Would you reproduce, word for word, only the lines running from the top of the data through the line containing "color=color, linetype=linetype, lineweight=lineweight)", and none of the pictures?

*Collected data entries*
------------
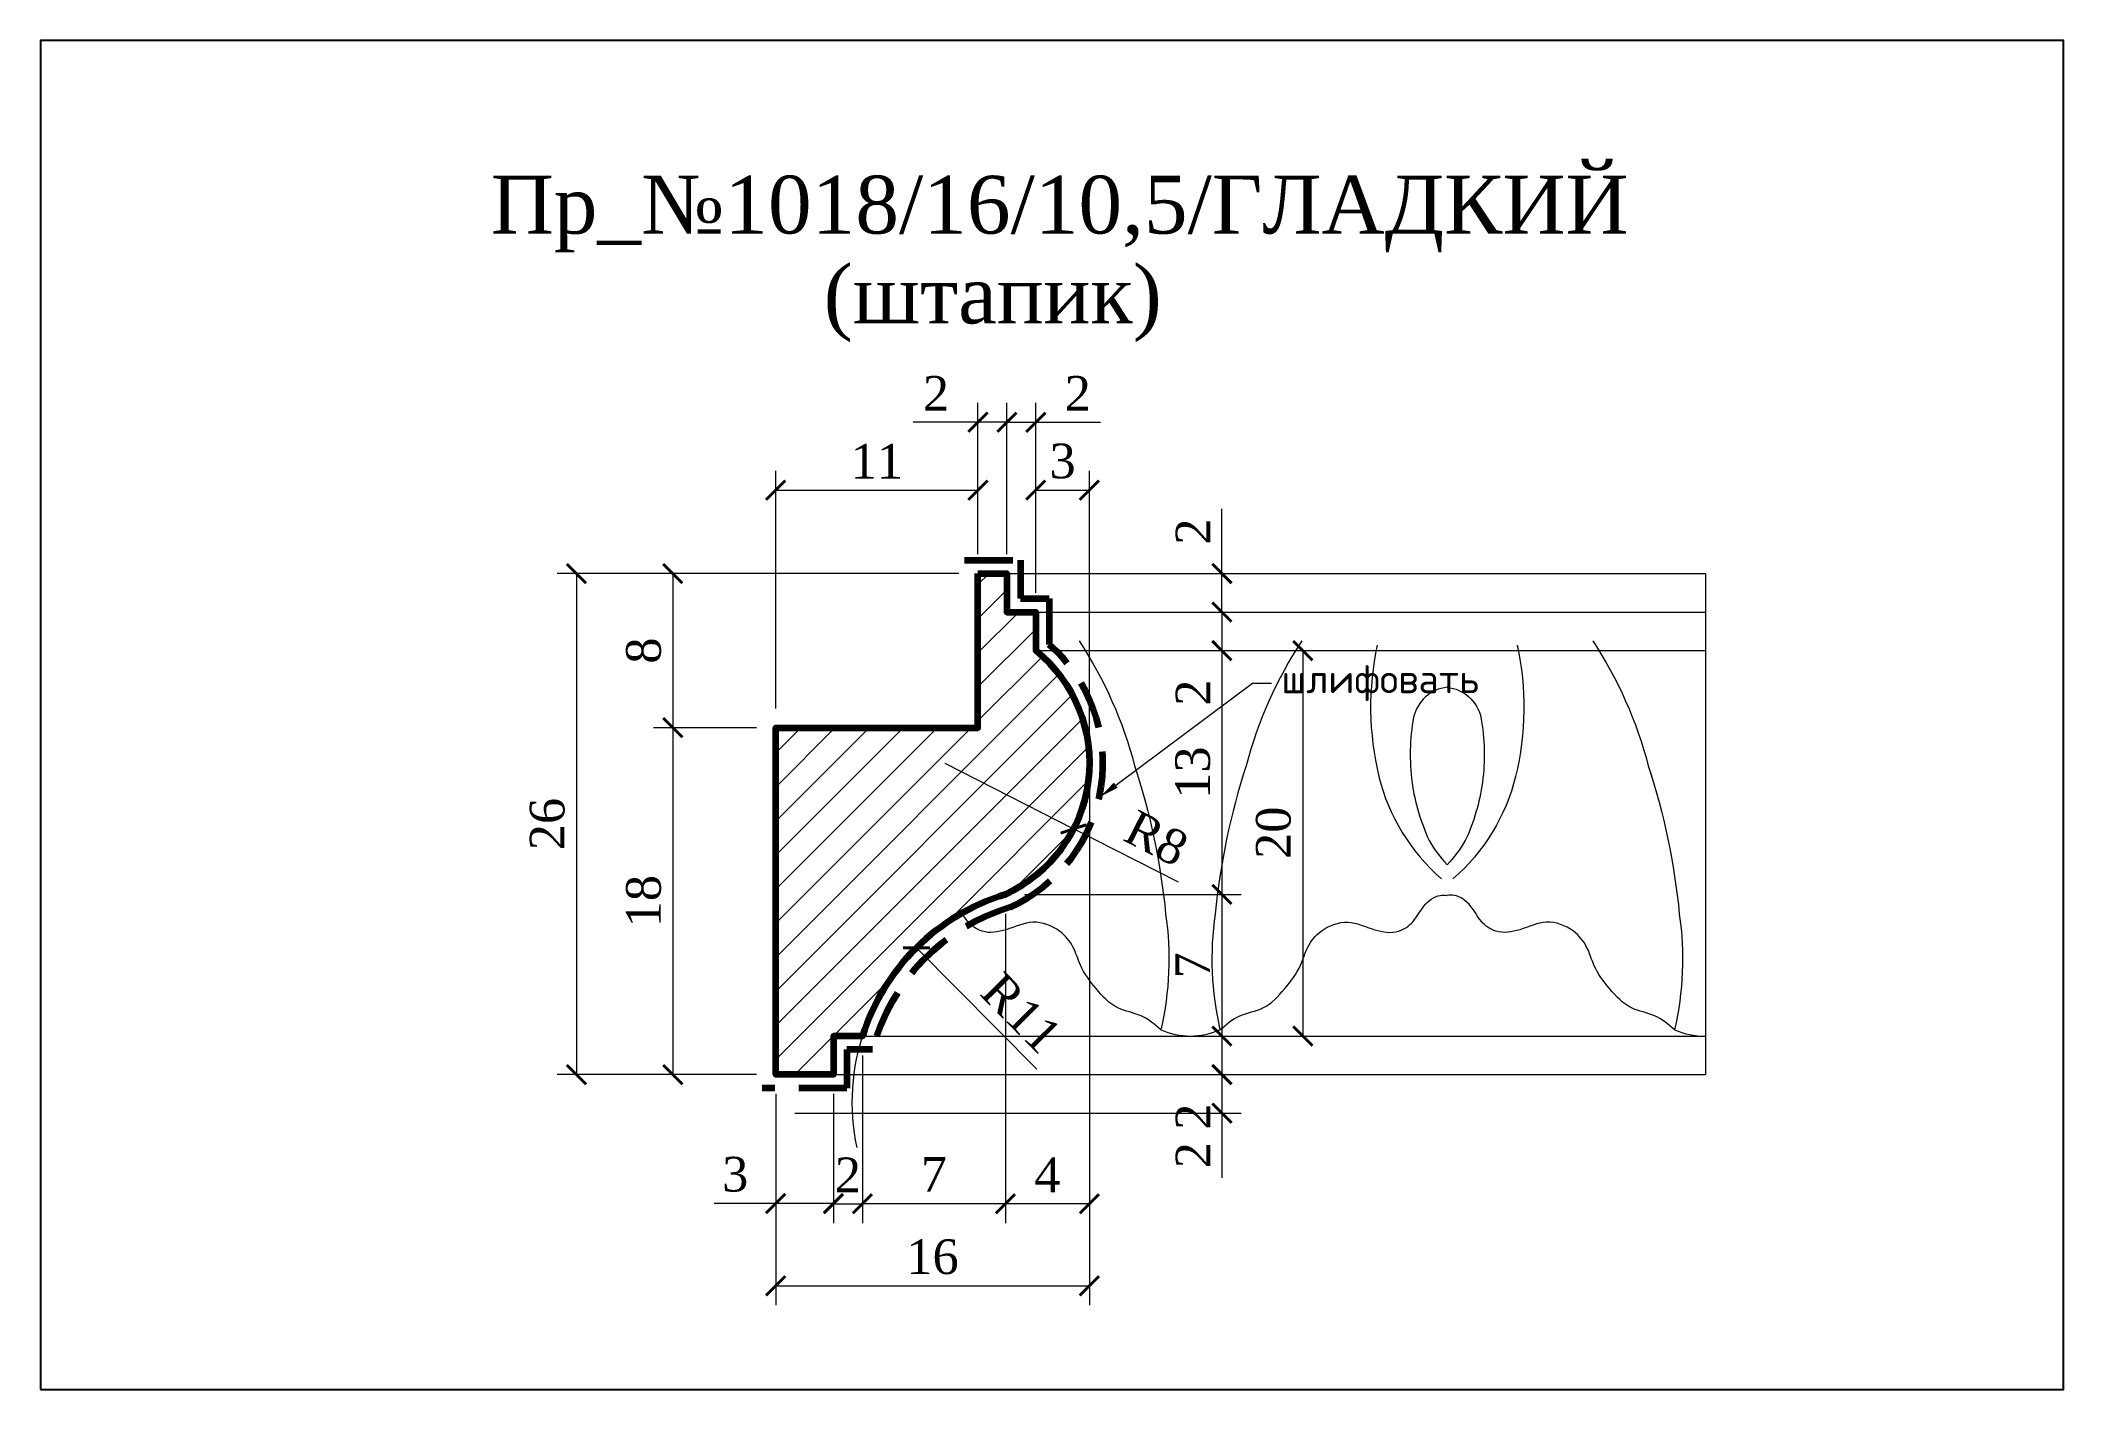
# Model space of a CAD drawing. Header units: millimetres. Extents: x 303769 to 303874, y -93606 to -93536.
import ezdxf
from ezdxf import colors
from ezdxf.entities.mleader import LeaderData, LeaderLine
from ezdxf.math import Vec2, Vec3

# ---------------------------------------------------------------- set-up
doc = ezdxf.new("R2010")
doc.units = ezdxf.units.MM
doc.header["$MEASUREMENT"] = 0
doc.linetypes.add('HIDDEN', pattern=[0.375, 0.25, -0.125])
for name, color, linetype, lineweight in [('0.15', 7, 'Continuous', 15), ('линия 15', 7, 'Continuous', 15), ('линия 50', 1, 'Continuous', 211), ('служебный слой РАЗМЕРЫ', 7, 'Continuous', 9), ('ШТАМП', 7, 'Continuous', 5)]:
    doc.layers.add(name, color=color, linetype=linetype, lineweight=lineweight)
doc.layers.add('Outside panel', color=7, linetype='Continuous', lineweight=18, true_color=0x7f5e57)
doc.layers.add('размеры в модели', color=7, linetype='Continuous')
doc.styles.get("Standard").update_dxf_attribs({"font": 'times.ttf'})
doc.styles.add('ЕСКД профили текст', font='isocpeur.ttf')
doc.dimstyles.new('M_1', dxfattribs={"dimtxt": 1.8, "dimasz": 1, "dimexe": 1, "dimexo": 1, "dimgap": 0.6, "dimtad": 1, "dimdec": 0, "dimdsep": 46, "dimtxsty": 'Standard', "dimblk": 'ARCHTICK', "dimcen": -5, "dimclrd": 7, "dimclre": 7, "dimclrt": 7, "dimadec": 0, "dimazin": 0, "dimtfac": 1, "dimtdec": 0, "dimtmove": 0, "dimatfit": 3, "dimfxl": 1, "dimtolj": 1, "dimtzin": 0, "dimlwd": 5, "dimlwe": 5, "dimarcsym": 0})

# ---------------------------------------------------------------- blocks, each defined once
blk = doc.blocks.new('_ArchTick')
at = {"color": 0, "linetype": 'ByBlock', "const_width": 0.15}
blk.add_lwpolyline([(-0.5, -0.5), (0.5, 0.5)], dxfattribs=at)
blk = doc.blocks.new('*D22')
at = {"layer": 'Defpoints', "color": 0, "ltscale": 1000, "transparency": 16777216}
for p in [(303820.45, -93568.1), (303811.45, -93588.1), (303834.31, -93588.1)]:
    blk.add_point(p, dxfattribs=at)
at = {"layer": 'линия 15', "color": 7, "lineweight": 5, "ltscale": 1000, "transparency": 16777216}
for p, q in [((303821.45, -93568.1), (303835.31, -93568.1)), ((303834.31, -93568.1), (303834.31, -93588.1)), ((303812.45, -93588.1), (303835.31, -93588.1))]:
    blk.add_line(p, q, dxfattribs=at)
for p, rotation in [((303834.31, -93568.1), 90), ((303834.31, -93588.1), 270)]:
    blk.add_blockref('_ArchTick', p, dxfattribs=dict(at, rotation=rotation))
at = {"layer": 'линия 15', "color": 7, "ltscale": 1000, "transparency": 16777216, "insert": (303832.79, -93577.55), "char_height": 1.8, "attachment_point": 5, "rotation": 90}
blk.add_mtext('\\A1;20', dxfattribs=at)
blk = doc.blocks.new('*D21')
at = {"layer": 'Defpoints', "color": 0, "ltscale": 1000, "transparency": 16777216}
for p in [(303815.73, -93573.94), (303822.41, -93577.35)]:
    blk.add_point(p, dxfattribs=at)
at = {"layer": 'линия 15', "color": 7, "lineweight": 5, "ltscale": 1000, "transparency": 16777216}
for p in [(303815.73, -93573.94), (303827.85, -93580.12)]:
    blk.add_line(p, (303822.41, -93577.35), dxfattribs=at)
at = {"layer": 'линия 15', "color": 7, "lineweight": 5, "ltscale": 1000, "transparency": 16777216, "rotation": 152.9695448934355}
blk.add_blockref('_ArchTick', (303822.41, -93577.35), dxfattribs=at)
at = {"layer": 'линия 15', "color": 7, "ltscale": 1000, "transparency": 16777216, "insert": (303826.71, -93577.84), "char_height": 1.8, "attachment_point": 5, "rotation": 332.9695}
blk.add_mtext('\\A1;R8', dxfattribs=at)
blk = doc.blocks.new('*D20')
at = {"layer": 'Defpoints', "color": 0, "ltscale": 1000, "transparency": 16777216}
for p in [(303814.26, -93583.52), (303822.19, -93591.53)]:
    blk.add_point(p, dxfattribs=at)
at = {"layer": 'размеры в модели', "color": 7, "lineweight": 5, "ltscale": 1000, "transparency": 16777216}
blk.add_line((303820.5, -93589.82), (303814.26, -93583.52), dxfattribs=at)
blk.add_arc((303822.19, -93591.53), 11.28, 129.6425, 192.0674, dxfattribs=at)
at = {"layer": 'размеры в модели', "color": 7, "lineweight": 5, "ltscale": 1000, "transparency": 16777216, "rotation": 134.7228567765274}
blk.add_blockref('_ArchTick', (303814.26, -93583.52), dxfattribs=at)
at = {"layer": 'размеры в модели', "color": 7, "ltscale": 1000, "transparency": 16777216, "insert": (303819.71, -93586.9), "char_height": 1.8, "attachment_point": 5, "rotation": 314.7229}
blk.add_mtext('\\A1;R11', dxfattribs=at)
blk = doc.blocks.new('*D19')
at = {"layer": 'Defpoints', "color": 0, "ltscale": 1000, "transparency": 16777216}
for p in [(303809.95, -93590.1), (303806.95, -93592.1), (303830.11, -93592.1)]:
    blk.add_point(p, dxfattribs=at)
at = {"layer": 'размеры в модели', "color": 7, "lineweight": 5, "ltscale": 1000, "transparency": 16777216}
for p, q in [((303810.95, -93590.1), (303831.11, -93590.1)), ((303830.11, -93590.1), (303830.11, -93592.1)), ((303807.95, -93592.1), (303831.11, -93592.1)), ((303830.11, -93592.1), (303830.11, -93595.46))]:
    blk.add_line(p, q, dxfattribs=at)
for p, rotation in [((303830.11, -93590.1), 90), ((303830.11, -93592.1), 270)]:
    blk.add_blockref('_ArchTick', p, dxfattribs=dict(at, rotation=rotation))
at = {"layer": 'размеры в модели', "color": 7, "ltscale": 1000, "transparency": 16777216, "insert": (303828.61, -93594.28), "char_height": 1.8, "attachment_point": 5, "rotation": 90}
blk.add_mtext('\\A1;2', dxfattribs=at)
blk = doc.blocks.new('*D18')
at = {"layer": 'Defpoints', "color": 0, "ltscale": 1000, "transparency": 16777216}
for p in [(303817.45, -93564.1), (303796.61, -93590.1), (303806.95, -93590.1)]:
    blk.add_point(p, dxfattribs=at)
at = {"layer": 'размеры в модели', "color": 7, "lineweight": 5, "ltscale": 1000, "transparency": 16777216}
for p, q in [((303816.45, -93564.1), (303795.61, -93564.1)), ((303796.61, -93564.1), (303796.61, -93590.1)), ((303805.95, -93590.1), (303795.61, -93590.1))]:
------------
*SOLUTION TO THIS TASK*
# Model space of a CAD drawing. Header units: millimetres. Extents: x 303769 to 303874, y -93606 to -93536.
import ezdxf
from ezdxf import colors
from ezdxf.entities.mleader import LeaderData, LeaderLine
from ezdxf.math import Vec2, Vec3

# ---------------------------------------------------------------- set-up
doc = ezdxf.new("R2010")
doc.units = ezdxf.units.MM
doc.header["$MEASUREMENT"] = 0
doc.linetypes.add('HIDDEN', pattern=[0.375, 0.25, -0.125])
for name, color, linetype, lineweight in [('0.15', 7, 'Continuous', 15), ('линия 15', 7, 'Continuous', 15), ('линия 50', 1, 'Continuous', 211), ('служебный слой РАЗМЕРЫ', 7, 'Continuous', 9), ('ШТАМП', 7, 'Continuous', 5)]:
    doc.layers.add(name, color=color, linetype=linetype, lineweight=lineweight)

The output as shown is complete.